There was an interval of silence as they finished their mugs and nibbled on pastries, watching the big waves roll in and crash spectacularly on a shelf of rock that almost closed off the mouth of their cove. Amelia watched a gull hover mere inches above the surging foam, then suddenly drop down, only to go into a flapping high climb a moment later, carrying something in its beak.

She watched it soar up, chased by rivals trying to pirate the morsel. The gull drifted inland then let the object it had carried drop. It then raced down to beat its competition to where the thing had landed, raucously crying defiance at any that got too close.

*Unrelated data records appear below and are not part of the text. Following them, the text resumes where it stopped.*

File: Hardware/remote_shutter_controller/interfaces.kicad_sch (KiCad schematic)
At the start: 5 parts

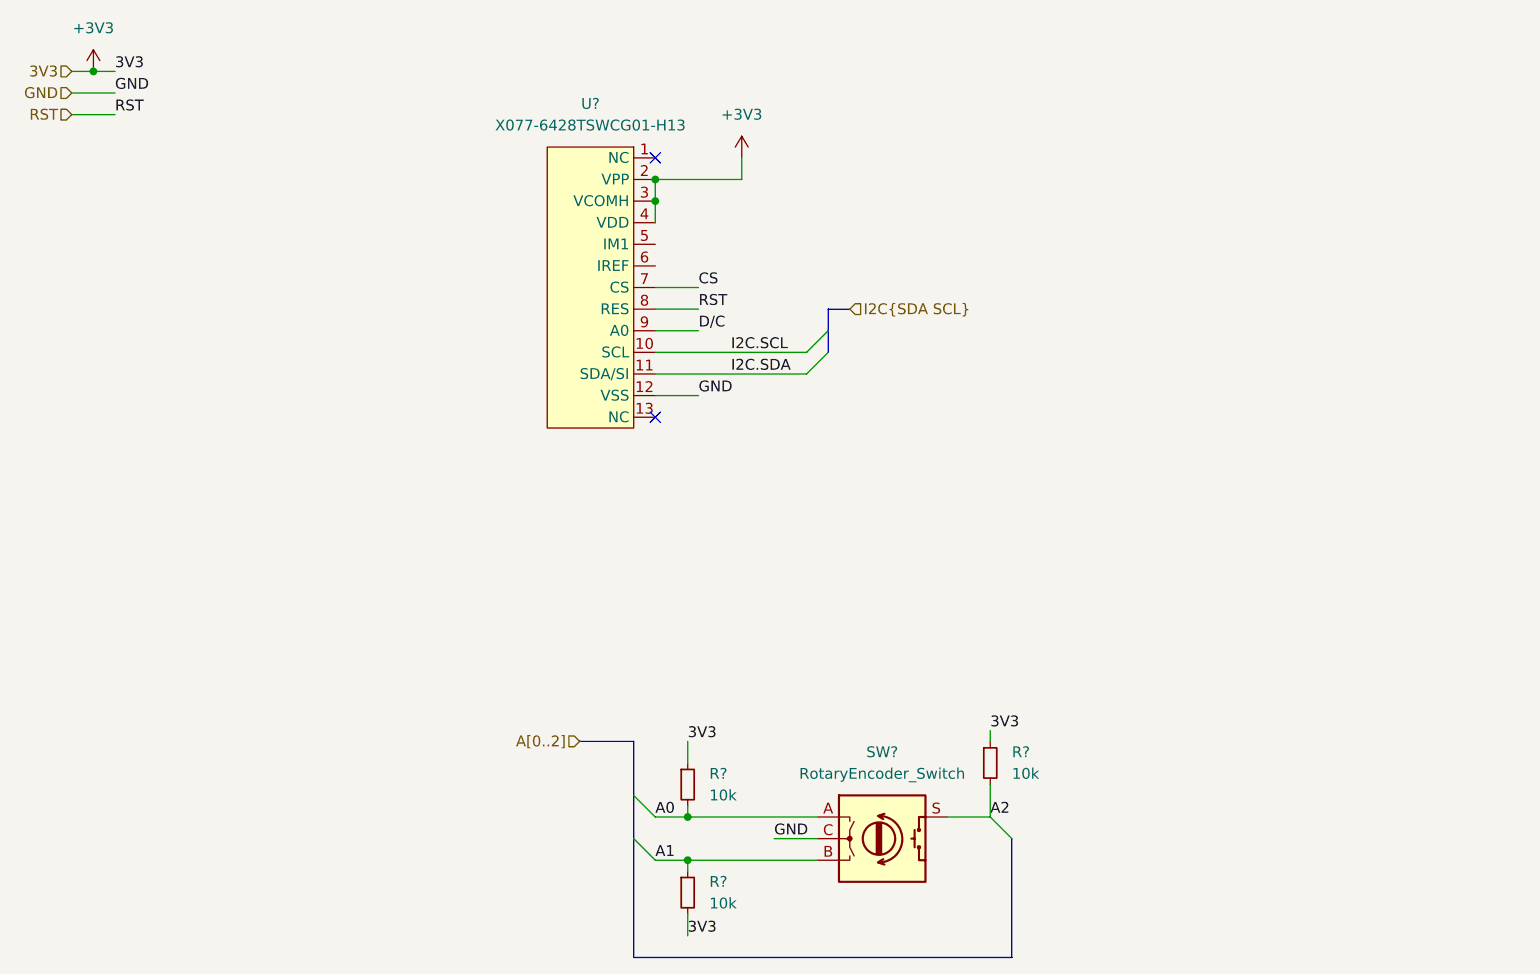
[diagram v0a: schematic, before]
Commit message: Schematic updates. First export to PCB
Added 9V line, OLED switch circuit. Added OLED footprint.
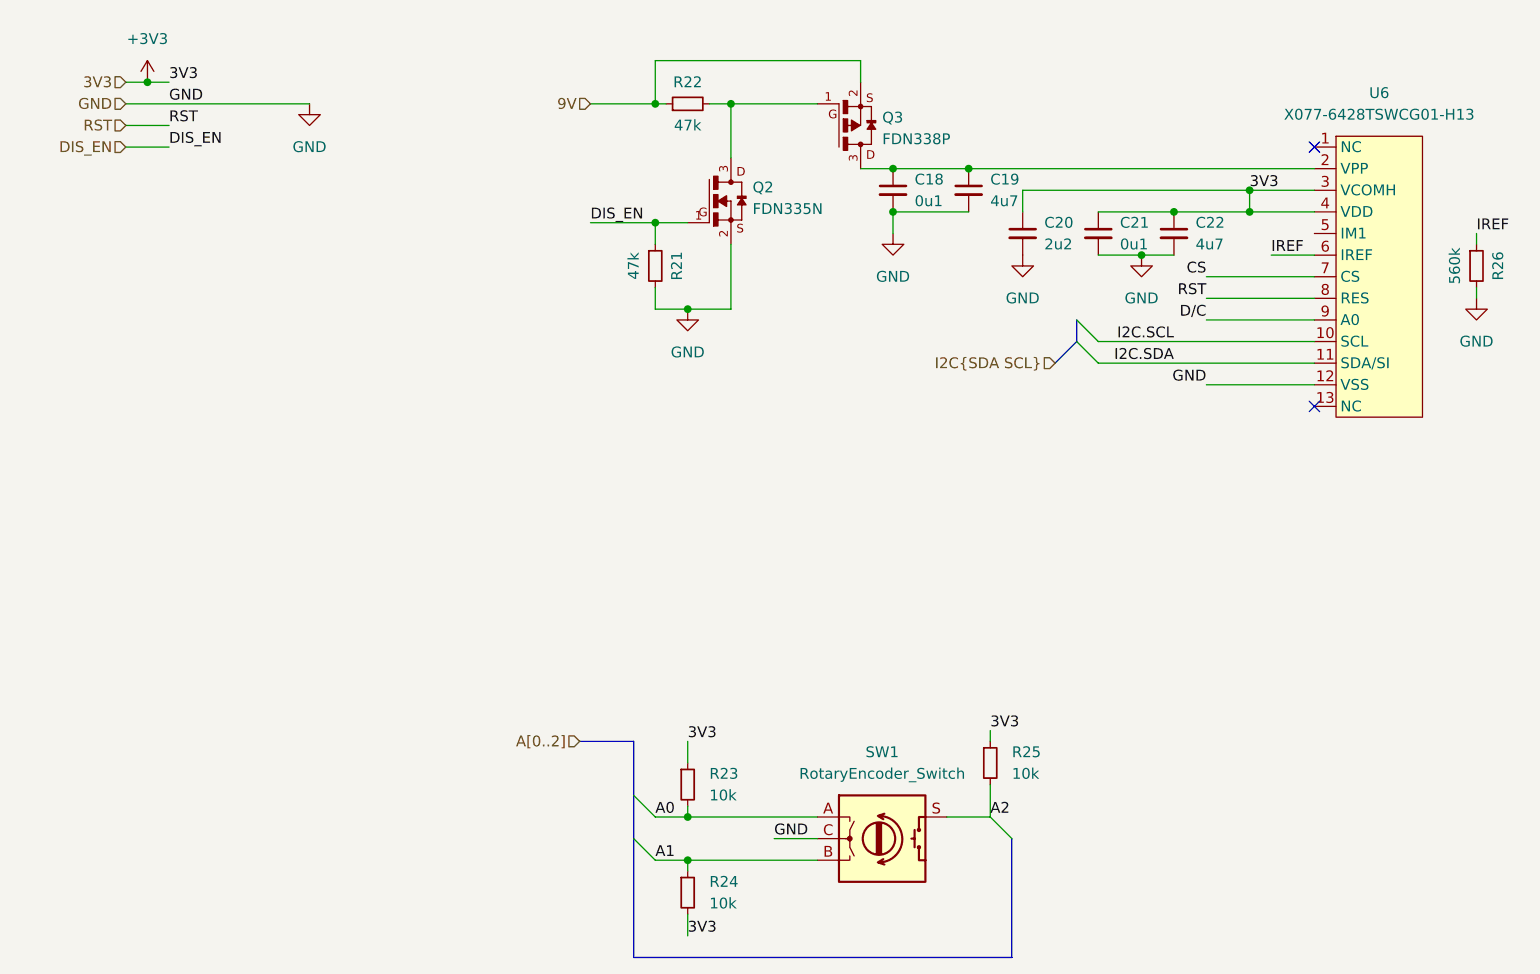
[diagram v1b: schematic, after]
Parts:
- added C18, C21: 0u1, Capacitor_SMD:C_0603_1608Metric_Pad1.08x0.95mm_HandSolder, symbol Device:C_Small
- added C19, C22: 4u7, Capacitor_SMD:C_0603_1608Metric_Pad1.08x0.95mm_HandSolder, symbol Device:C_Small
- added C20: 2u2, Capacitor_SMD:C_0603_1608Metric_Pad1.08x0.95mm_HandSolder, symbol Device:C_Small
- added Q2: FDN335N, fpr:SSOT-3, symbol FDN335N:FDN335N
- added Q3: FDN338P, fpr:SSOT-3, symbol FDN338P:FDN338P
- added R21, R22: 47k, Resistor_SMD:R_0603_1608Metric_Pad0.98x0.95mm_HandSolder, symbol Device:R_Small
- added R26: 560k, Resistor_SMD:R_0603_1608Metric_Pad0.98x0.95mm_HandSolder, symbol Device:R_Small
- U6: renamed from U?; footprint (none) -> footprint:X077-6428TSWCG01-H13
- gave numbers to parts that had none: 4
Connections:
- net +3V3: now also C20.1, C21.1, C22.1; no longer U6.2 (VPP)
- net GND: now also C18.2, C19.2, C20.2, C21.2, C22.2, Q2.2, R21.2, R26.2
- net IREF: now reaches U6.6 (IREF)
- net IREF: now also R26.1
- new net: Q2.3, Q3.1, R22.2
- new net: C18.1, C19.1, Q3.3, U6.2 (VPP)
- new net 9V: Q3.2, R22.1
- new net DIS_EN: Q2.1, R21.1
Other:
- moved on the sheet: U6

"What was that all about?" She asked Zel.

"You don't know?" He seemed a little surprised.

"I like adventuring and the outdoors a lot, but I'm really a city girl — actually, a sheltered palace girl - if you think about it" She gave him a self-deprecating smile, brushing a stray, breeze-blown strand of hair out of her eyes. "Pigeons and sparrows I know something about. Gulls I don't."

Zel just blinked. "I suppose you're right. Well, you see, gulls like sea urchins and crabs and other shellfish. To get at the meat, they drop them onto rocks from a hundred feet up or so."

"Smart birds. I feel a little sorry for the crabs, though."

"It's got to be quicker and kinder than being boiled alive, like we do to them at gourmet restaurants."

"There is that, I guess"

Zel hesitated a little, then continued. "And you do yourself an injustice, you know. Most city girls' would have taken one look at barnacles and slimy, seaweed-covered rocks and gone straight back to their hot spring and poolside cocktail service. You clambered over a full mile of them. Give yourself the credit. There's a lot — a great lot — more to you than any sheltered palace girl, or even most city girls."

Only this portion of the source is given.